1. In a prospective study of term neonates with sepsis and resolving unconjugated hyperbilirubinemia, ceftriaxone administration did not result in increased free bilirubin levels.
2. Intramuscular ceftriaxone administered in the outpatient setting may be a valuable tool to facilitate earlier hospital discharge for term neonates completing an antibiotic course.
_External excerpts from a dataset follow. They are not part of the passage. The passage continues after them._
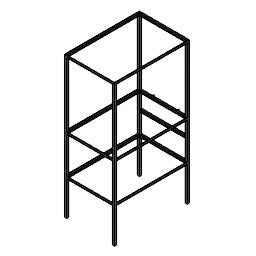
Shelf (Autodesk Fusion 360 design; units mm, degrees)
part number: 2026-04-06-11-05-22-713
Autodesk Fusion 360 part; units mm, degrees
note: some values were not read from the file. Set by a fixed rule: which sketch regions a step uses.
sketch "Sketch1" plane through (0, 0, 0) normal (0, 0, 1) x (1, 0, 0)
  line L0 (0, 0) -> (25.4, 0)
  line L1 (25.4, 0) -> (25.4, 25.4)
  line L2 (25.4, 25.4) -> (0, 25.4)
  line L3 (0, 25.4) -> (0, 0)
  dimension "d1" = 25.4
  dimension "d2" = 25.4
  constraint horizontal L0
  constraint vertical L1
  constraint horizontal L2
  constraint vertical L3
  constraint coincident L0.start L3.end
  measures "d1" distance of L0.start L0.end
  measures "d2" distance of L0.start L2.end
extrude "Extrude1" add sketch "Sketch1" along normal blind 914.4 makes body 1
sketch "Sketch2" plane through (0, 0, 914.4) normal (0, 0, 1) x (1, 0, 0)
  line L0 (0, 25.4) -> (0, 0)
  line L1 (0, 0) -> (25.4, 0)
  line L2 (25.4, 0) -> (25.4, 25.4)
  line L3 (25.4, 25.4) -> (0, 25.4)
  line L4 (0, 0) -> (609.6, 0)
  line L5 (609.6, 0) -> (609.6, 914.4)
  line L6 (609.6, 914.4) -> (0, 914.4)
  line L7 (0, 914.4) -> (0, 0)
  dimension "d5" = 609.6
  dimension "d6" = 914.4
  constraint horizontal L4
  constraint vertical L5
  constraint horizontal L6
  constraint vertical L7
  constraint coincident L0.end L1.start
  measures "d5" distance of L0.end L4.end
  measures "d6" distance of L0.end L6.end
sketch "Sketch3" plane through (0, 0, 914.4) normal (0, 0, 1) x (1, 0, 0)
  line L0 (0, 914.4) -> (25.4, 914.4)
  line L1 (25.4, 914.4) -> (25.4, 889)
  line L2 (25.4, 889) -> (0, 889)
  line L3 (0, 889) -> (0, 914.4)
  line L4 (609.6, 914.4) -> (0, 914.4)
  line L5 (0, 914.4) -> (0, 0)
  line L6 (609.6, 914.4) -> (584.2, 914.4)
  line L7 (584.2, 914.4) -> (584.2, 889)
  line L8 (584.2, 889) -> (609.6, 889)
  line L9 (609.6, 889) -> (609.6, 914.4)
  line L10 (609.6, 0) -> (609.6, 914.4)
  line L11 (609.6, 0) -> (584.2, 0)
  line L12 (584.2, 0) -> (584.2, 25.4)
  line L13 (584.2, 25.4) -> (609.6, 25.4)
  line L14 (609.6, 25.4) -> (609.6, 0)
  line L15 (0, 0) -> (609.6, 0)
  dimension "d7" = 25.4
  dimension "d8" = 25.4
  dimension "d9" = 25.4
  dimension "d10" = 25.4
  dimension "d11" = 25.4
  dimension "d12" = 25.4
  constraint horizontal L0
  constraint vertical L1
  constraint horizontal L2
  constraint vertical L3
  constraint collinear L0 L4
  constraint collinear L3 L5
  constraint horizontal L6
  constraint vertical L7
  constraint horizontal L8
  constraint vertical L9
  constraint collinear L4 L6
  constraint collinear L9 L10
  constraint horizontal L11
  constraint vertical L12
  constraint horizontal L13
  constraint vertical L14
  constraint collinear L11 L15
  constraint collinear L10 L14
  measures "d7" distance of L0.start L0.end
  measures "d8" distance of L0.start L2.end
  measures "d9" distance of L4.start L6.end
  measures "d10" distance of L4.start L8.end
  measures "d11" distance of L10.start L11.end
  measures "d12" distance of L10.start L13.end
extrude "Extrude2" add sketch "Sketch3" against normal blind 914.4 separate body contours L0 L1 L2 L3 L4 L5 | L4 L6 L7 L8 L9 L10 | L10 L11 L12 L13 L14 L15 makes body 2 at (25.4, 905.9333, 304.8) makes body 3 at (609.6, 897.4667, 304.8) makes body 4 at (584.2, 8.4667, 304.8)
sketch "Sketch4" plane through (0, 0, 914.4) normal (0, 0, 1) x (1, 0, 0)
  line L0 (584.2, 889) -> (609.6, 889)
  line L1 (609.6, 889) -> (609.6, 25.4)
  line L2 (609.6, 25.4) -> (584.2, 25.4)
  line L3 (584.2, 25.4) -> (584.2, 889)
  line L4 (0, 914.4) -> (584.2, 914.4)
  line L5 (584.2, 914.4) -> (584.2, 889)
  line L6 (584.2, 889) -> (0, 889)
  line L7 (0, 889) -> (0, 914.4)
  line L8 (0, 914.4) -> (25.4, 914.4)
  line L9 (25.4, 914.4) -> (25.4, 0)
  line L10 (25.4, 0) -> (0, 0)
  line L11 (0, 0) -> (0, 914.4)
  line L12 (0, 0) -> (584.2, 0)
  line L13 (584.2, 0) -> (584.2, 25.4)
  line L14 (584.2, 25.4) -> (0, 25.4)
  line L15 (0, 25.4) -> (0, 0)
  line L16 (0, 0) -> (609.6, 0)
  line L17 (0, 914.4) -> (0, 0)
  line L18 (609.6, 914.4) -> (0, 914.4)
  line L19 (609.6, 0) -> (609.6, 914.4)
  line L20 (609.6, 889) -> (609.6, 914.4)
  line L21 (609.6, 914.4) -> (584.2, 914.4)
  dimension "d15" = 25.4
  dimension "d16" = 25.4
  dimension "d17" = 25.4
  dimension "d18" = 25.4
  constraint horizontal L0
  constraint vertical L1
  constraint horizontal L2
  constraint vertical L3
  constraint horizontal L4
  constraint vertical L5
  constraint horizontal L6
  constraint vertical L7
  constraint horizontal L8
  constraint vertical L9
  constraint horizontal L10
  constraint vertical L11
  constraint horizontal L12
  constraint vertical L13
  constraint horizontal L14
  constraint vertical L15
  constraint collinear L8 L18
  constraint collinear L7 L17
  constraint collinear L15 L17
  constraint collinear L10 L16
  constraint collinear L12 L16
  constraint collinear L1 L20
  constraint collinear L4 L21
  constraint collinear L11 L17
  measures "d15" distance of L14 L16
  measures "d16" distance of L9 L17
  measures "d17" distance of L6 L18
  measures "d18" distance of L3 L19
extrude "Extrude3" add sketch "Sketch4" against normal blind 25.4 separate body contours L0 L1 L2 L3 L19 | L4 L5 L6 L9 L18 | L9 L12 L13 L14 L16 | L6 L9 L11 L14 L17 makes body 5 at (397.9333, 897.4667, 914.4)
ref_plane "WorkPlane1" through (596.9, 901.7, 444.5) normal (0, 0, -1) x (-1, 0, 0)
sketch "Sketch5" plane through (0, 0, 444.5) normal (0, 0, -1) x (-1, 0, 0)
  line L0 (-609.6, 1066.8) -> (0, 1066.8)
  line L1 (0, 1066.8) -> (0, 0)
  line L2 (0, 0) -> (-609.6, 0)
  line L3 (-609.6, 0) -> (-609.6, 1066.8)
  line L4 (-584.2, 889) -> (-25.4, 889)
  line L5 (-584.2, 914.4) -> (-584.2, 889)
  line L6 (-584.2, 914.4) -> (-25.4, 914.4)
  line L7 (-25.4, 914.4) -> (-25.4, 889)
  line L8 (-25.4, 889) -> (0, 889)
  line L9 (0, 889) -> (0, 25.4)
  line L10 (-25.4, 25.4) -> (0, 25.4)
  line L11 (-25.4, 889) -> (-25.4, 25.4)
  line L12 (-584.2, 889) -> (-609.6, 889)
  line L13 (-584.2, 25.4) -> (-584.2, 889)
  line L14 (-609.6, 25.4) -> (-584.2, 25.4)
  line L15 (-609.6, 25.4) -> (-609.6, 889)
  line L16 (-25.4, 0) -> (-584.2, 0)
  line L17 (-584.2, 0) -> (-584.2, 25.4)
  line L18 (-584.2, 25.4) -> (-25.4, 25.4)
  line L19 (-25.4, 25.4) -> (-25.4, 0)
  dimension "d22" = 609.6
  dimension "d23" = 1066.8
  constraint horizontal L0
  constraint vertical L1
  constraint horizontal L2
  constraint vertical L3
  constraint coincident L1.end L2.start
  measures "d22" distance of L1 L3
  measures "d23" distance of L0 L2
extrude "Extrude4" add sketch "Sketch5" along normal blind 25.4 separate body contours L3 L12 L13 L14 L15 | L1 L8 L9 L10 L11 | L4 L5 L6 L7 | L2 L16 L17 L18 L19 makes body 6 at (397.9333, 25.4, 436.0333)
ref_plane "WorkPlane2" through (304.8, 901.7, 1727.2) normal (0, 0, 1) x (1, 0, 0)
sketch "Sketch6" plane through (0, 0, 1727.2) normal (0, 0, 1) x (1, 0, 0)
  line L0 (584.2, 889) -> (25.4, 889)
  line L1 (584.2, 914.4) -> (584.2, 889)
  line L2 (25.4, 914.4) -> (584.2, 914.4)
  line L3 (25.4, 889) -> (25.4, 914.4)
  line L4 (0, 889) -> (25.4, 889)
  line L5 (0, 25.4) -> (0, 889)
  line L6 (25.4, 25.4) -> (0, 25.4)
  line L7 (25.4, 889) -> (25.4, 25.4)
  line L8 (584.2, 889) -> (609.6, 889)
  line L9 (584.2, 25.4) -> (584.2, 889)
  line L10 (609.6, 25.4) -> (584.2, 25.4)
  line L11 (609.6, 889) -> (609.6, 25.4)
  line L12 (584.2, 0) -> (25.4, 0)
  line L13 (584.2, 25.4) -> (584.2, 0)
  line L14 (25.4, 25.4) -> (584.2, 25.4)
  line L15 (25.4, 0) -> (25.4, 25.4)
  line L16 (25.4, 25.4) -> (0, 25.4)
  line L17 (25.4, 0) -> (25.4, 25.4)
  line L18 (0, 0) -> (25.4, 0)
  line L19 (0, 25.4) -> (0, 0)
  line L20 (609.6, 25.4) -> (609.6, 0)
  line L21 (584.2, 25.4) -> (609.6, 25.4)
  line L22 (584.2, 0) -> (584.2, 25.4)
  line L23 (609.6, 0) -> (584.2, 0)
  line L24 (609.6, 914.4) -> (609.6, 889)
  line L25 (584.2, 914.4) -> (609.6, 914.4)
  line L26 (584.2, 889) -> (584.2, 914.4)
  line L27 (609.6, 889) -> (584.2, 889)
  line L28 (0, 889) -> (0, 914.4)
  line L29 (25.4, 889) -> (0, 889)
  line L30 (25.4, 914.4) -> (25.4, 889)
  line L31 (0, 914.4) -> (25.4, 914.4)
extrude "Extrude5" add sketch "Sketch6" against normal blind 812.8 contours L1 L8 L24 L25 L26 L27 | L3 L4 L28 L29 L30 L31 | L10 L13 L20 L21 L22 L23 | L6 L15 L16 L17 L18 L19 bodies 1 6 2 3 4 5
extrude "Extrude6" add sketch "Sketch6" against normal blind 25.4 contours L0 L1 L2 L3 L26 L30 | L8 L9 L10 L11 L21 L27 | L4 L5 L6 L7 L16 L29 | L12 L13 L14 L15 L17 L22 bodies 1
combine "Combine1" operation add target body 1 tool bodies 6
sketch "Sketch7" plane through (0, 0, 0) normal (0, -1, 0) x (1, 0, 0)
  line L0 (25.4, 444.5) -> (25.4, 889)
  line L1 (25.4, 889) -> (584.2, 889)
  line L2 (584.2, 889) -> (584.2, 444.5)
  line L3 (584.2, 444.5) -> (25.4, 444.5)
  line L4 (25.4, 419.1) -> (584.2, 419.1)
  line L5 (584.2, 419.1) -> (584.2, 0)
  line L6 (584.2, 0) -> (609.6, 0)
  line L7 (609.6, 0) -> (609.6, 1727.2)
  line L8 (609.6, 1727.2) -> (584.2, 1727.2)
  line L9 (584.2, 1727.2) -> (0, 1727.2)
  line L10 (0, 1727.2) -> (0, 0)
  line L11 (0, 0) -> (25.4, 0)
  line L12 (25.4, 0) -> (25.4, 419.1)
  line L13 (25.4, 1701.8) -> (584.2, 1701.8)
  line L14 (584.2, 1701.8) -> (584.2, 914.4)
  line L15 (584.2, 914.4) -> (25.4, 914.4)
  line L16 (25.4, 914.4) -> (25.4, 1701.8)
  circle A0 centre (457.2, 901.7) radius 6.35
  circle A1 centre (152.4, 901.7) radius 6.35
  line L17 (152.4, 901.7) -> (457.2, 901.7)
  line L18 (152.4, 901.7) -> (152.4, 685.8)
  line L19 (25.4, 711.2) -> (584.2, 711.2)
  line L20 (584.2, 711.2) -> (584.2, 685.8)
  line L21 (584.2, 685.8) -> (25.4, 685.8)
  line L22 (25.4, 685.8) -> (25.4, 711.2)
  dimension "d31" = 12.7
  dimension "d33" = 12.7
  dimension "d34" = 304.8
  dimension "d35" = 152.4
  dimension "d36" = 12.7
  dimension "d37" = 215.9
  dimension "d38" = 25.4
  constraint coincident A1.centre L17.start
  constraint coincident A0.centre L17.end
  constraint horizontal L17
  constraint perpendicular L17 L18
  constraint horizontal L19
  constraint vertical L20
  constraint horizontal L21
  constraint vertical L22
  constraint coincident L2 L20.end
  constraint coincident L0 L19.start
  constraint coincident L18.end L21
  measures "d31" diameter of A0
  measures "d33" diameter of A1
  measures "d34" horizontal distance of A0.centre A1.centre
  measures "d35" distance of L10 A1.centre
  measures "d36" distance of L1 L17
  measures "d37" distance of A1.centre L18.end
  measures "d38" distance of L19 L21
extrude "Extrude7" add sketch "Sketch7" against normal blind 25.4 contours L0 L18 L19 L21 L22 | L2 L18 L19 L20 L21 bodies 1
extrude "Extrude8" add sketch "Sketch7" along normal blind 25.4 contours A0 | A1 L17 L18 | A1 L17 L18 bodies 1
sketch "Sketch8" plane through (0, 0, 1727.2) normal (0, 0, 1) x (1, 0, 0)
  line L0 (0, 914.4) -> (0, 0)
  line L1 (0, 0) -> (584.2, 0)
  line L2 (584.2, 0) -> (609.6, 0)
  line L3 (609.6, 0) -> (609.6, 25.4)
  line L4 (609.6, 25.4) -> (609.6, 889)
  line L5 (609.6, 889) -> (609.6, 914.4)
  line L6 (609.6, 914.4) -> (0, 914.4)
  line L7 (25.4, 25.4) -> (25.4, 889)
  line L8 (25.4, 889) -> (584.2, 889)
  line L9 (584.2, 889) -> (584.2, 25.4)
  line L10 (584.2, 25.4) -> (25.4, 25.4)
  line L11 (6.35, 908.05) -> (603.25, 908.05)
  line L12 (603.25, 908.05) -> (603.25, 6.35)
  line L13 (603.25, 6.35) -> (6.35, 6.35)
  line L14 (6.35, 6.35) -> (6.35, 908.05)
  dimension "d43" = 6.35
  dimension "d44" = 6.35
  dimension "d45" = 6.35
  dimension "d46" = 6.35
  constraint horizontal L11
  constraint vertical L12
  constraint horizontal L13
  constraint vertical L14
  measures "d43" distance of L4 L12
  measures "d44" distance of L1 L13
  measures "d45" distance of L6 L11
  measures "d46" distance of L0 L14
extrude "Extrude9" cut sketch "Sketch8" against normal blind 19.05 contours L11 L12 L13 L14 bodies 1
sketch "Sketch9" plane through (0, 0, 914.4) normal (0, 0, 1) x (1, 0, 0)
  line L0 (25.4, 889) -> (0, 889)
  line L1 (0, 889) -> (0, 25.4)
  line L2 (0, 25.4) -> (25.4, 25.4)
  line L3 (25.4, 25.4) -> (25.4, 889)
  line L4 (6.35, 908.05) -> (603.25, 908.05)
  line L5 (603.25, 908.05) -> (603.25, 6.35)
  line L6 (603.25, 6.35) -> (6.35, 6.35)
  line L7 (6.35, 6.35) -> (6.35, 908.05)
  line L8 (25.4, 914.4) -> (25.4, 889)
  line L9 (25.4, 889) -> (584.2, 889)
  line L10 (584.2, 889) -> (584.2, 914.4)
  line L11 (584.2, 914.4) -> (25.4, 914.4)
  line L12 (584.2, 25.4) -> (609.6, 25.4)
  line L13 (609.6, 25.4) -> (609.6, 889)
  line L14 (609.6, 889) -> (584.2, 889)
  line L15 (584.2, 889) -> (584.2, 25.4)
  line L16 (584.2, 0) -> (584.2, 25.4)
  line L17 (584.2, 25.4) -> (25.4, 25.4)
  line L18 (25.4, 25.4) -> (25.4, 0)
  line L19 (25.4, 0) -> (584.2, 0)
  dimension "d49" = 6.35
  dimension "d50" = 6.35
  dimension "d51" = 6.35
  dimension "d52" = 6.35
  constraint horizontal L4
  constraint vertical L5
  constraint horizontal L6
  constraint vertical L7
  measures "d49" distance of L5 L13
  measures "d50" distance of L6 L19
  measures "d51" distance of L1 L7
  measures "d52" distance of L4 L11
extrude "Extrude10" cut sketch "Sketch9" against normal blind 19.05 contours L0 L2 L3 L7 | L3 L9 L15 L17 | L4 L8 L9 L10 | L6 L16 L17 L18 | L5 L12 L14 L15 bodies 1
sketch "Sketch10" plane through (0, 0, 711.2) normal (0, 0, 1) x (1, 0, 0)
  line L0 (25.4, 0) -> (584.2, 0)
  line L1 (584.2, 0) -> (584.2, 25.4)
  line L2 (584.2, 25.4) -> (25.4, 25.4)
  line L3 (25.4, 25.4) -> (25.4, 0)
  line L4 (15.2621, 59.1079) -> (599.5555, 59.1079)
  line L5 (599.5555, 59.1079) -> (599.5555, 6.35)
  line L6 (599.5555, 6.35) -> (15.2621, 6.35)
  line L7 (15.2621, 6.35) -> (15.2621, 59.1079)
  dimension "d55" = 6.35
  constraint horizontal L4
  constraint vertical L5
  constraint horizontal L6
  constraint vertical L7
  measures "d55" distance of L0 L6
extrude "Extrude11" cut sketch "Sketch10" against normal blind 19.05 contours L1 L2 L3 L6 bodies 1
sketch "Sketch11" plane through (0, 0, 444.5) normal (0, 0, 1) x (1, 0, 0)
  line L0 (584.2, 25.4) -> (25.4, 25.4)
  line L1 (25.4, 25.4) -> (25.4, 0)
  line L2 (25.4, 0) -> (584.2, 0)
  line L3 (584.2, 0) -> (584.2, 25.4)
  line L4 (25.4, 889) -> (0, 889)
  line L5 (0, 889) -> (0, 25.4)
  line L6 (0, 25.4) -> (25.4, 25.4)
  line L7 (25.4, 25.4) -> (25.4, 889)
  line L8 (584.2, 914.4) -> (25.4, 914.4)
  line L9 (584.2, 889) -> (25.4, 889)
  line L10 (609.6, 25.4) -> (609.6, 889)
  line L11 (584.2, 889) -> (584.2, 25.4)
  line L12 (584.2, 25.4) -> (609.6, 25.4)
  line L13 (609.6, 25.4) -> (609.6, 889)
  line L14 (609.6, 889) -> (584.2, 889)
  line L15 (584.2, 889) -> (584.2, 914.4)
  line L16 (584.2, 914.4) -> (25.4, 914.4)
  line L17 (25.4, 914.4) -> (25.4, 889)
  line L18 (25.4, 889) -> (584.2, 889)
  line L19 (6.35, 908.05) -> (603.25, 908.05)
  line L20 (603.25, 908.05) -> (603.25, 6.35)
  line L21 (603.25, 6.35) -> (6.35, 6.35)
  line L22 (6.35, 6.35) -> (6.35, 908.05)
  dimension "d58" = 6.35
  dimension "d59" = 6.35
  dimension "d60" = 6.35
  dimension "d61" = 6.35
  constraint horizontal L19
  constraint vertical L20
  constraint horizontal L21
  constraint vertical L22
  measures "d58" distance of L13 L20
  measures "d59" distance of L2 L21
  measures "d60" distance of L5 L22
  measures "d61" distance of L8 L19
extrude "Extrude12" cut sketch "Sketch11" against normal blind 19.05 contours L0 L1 L3 L21 | L11 L12 L14 L20 | L4 L6 L7 L22 | L9 L15 L17 L18 L19 bodies 1
equation "d21 = ( -35 / 2 ) * 1 in"
equation "d34 = 12.5 in - 0.25 in - 0.25 in"
equation "d43 = ( 1 / 4 ) * 1 in"
equation "d44 = d43"
equation "d45 = d44"
equation "d46 = d44"
equation "d47 = -1 in + d44"
equation "d49 = d44"
equation "d50 = d44"
equation "d51 = d44"
equation "d52 = d44"
equation "d53 = -1 in + d44"
equation "d55 = d44"
equation "d56 = -1 in + d44"
equation "d58 = d44"
equation "d59 = d44"
equation "d60 = d44"
equation "d61 = d44"
equation "d62 = -1 in + d44"

Evidence Rating Level: 2 (Good)
Study Rundown: Sepsis is a common reason for prolonged hospitalization in neonates. Although term infants generally experience complete resolution of symptoms within the first few days of therapy, most remain hospitalized to complete a prolonged intravenous (IV) antibiotic course. An attractive alternative is once daily intramuscular ceftriaxone which would facilitate outpatient therapy. However, ceftriaxone is generally considered to be contraindicated in neonates due to the concern that it causes bilirubin displacement from albumin, which has been seen mainly in in-vitro studies. This prospective study of 27 term neonates with sepsis and resolving unconjugated hyperbilirubinemia evaluated the use of ceftriaxone on free bilirubin concentrations. Following ceftriaxone administration, free bilirubin levels were unchanged or were lower depending on the method of measurement, with no changes in bilirubin binding affinity. One limitation of the study is the short follow up period of 15 minutes following ceftriaxone administration, which does not rule out displacement and elevated bilirubin levels outside of this time frame. In addition, the study had a relatively small sample size, excluded premature infants, and only included infants with bilirubin levels between 6 -12 mg/dL, further limiting generalizability. Overall, the study suggests that fears surrounding bilirubin displacement from albumin following ceftriaxone administration may be unjustified in term infants with mild resolving conjugated hyperbilirubinemia.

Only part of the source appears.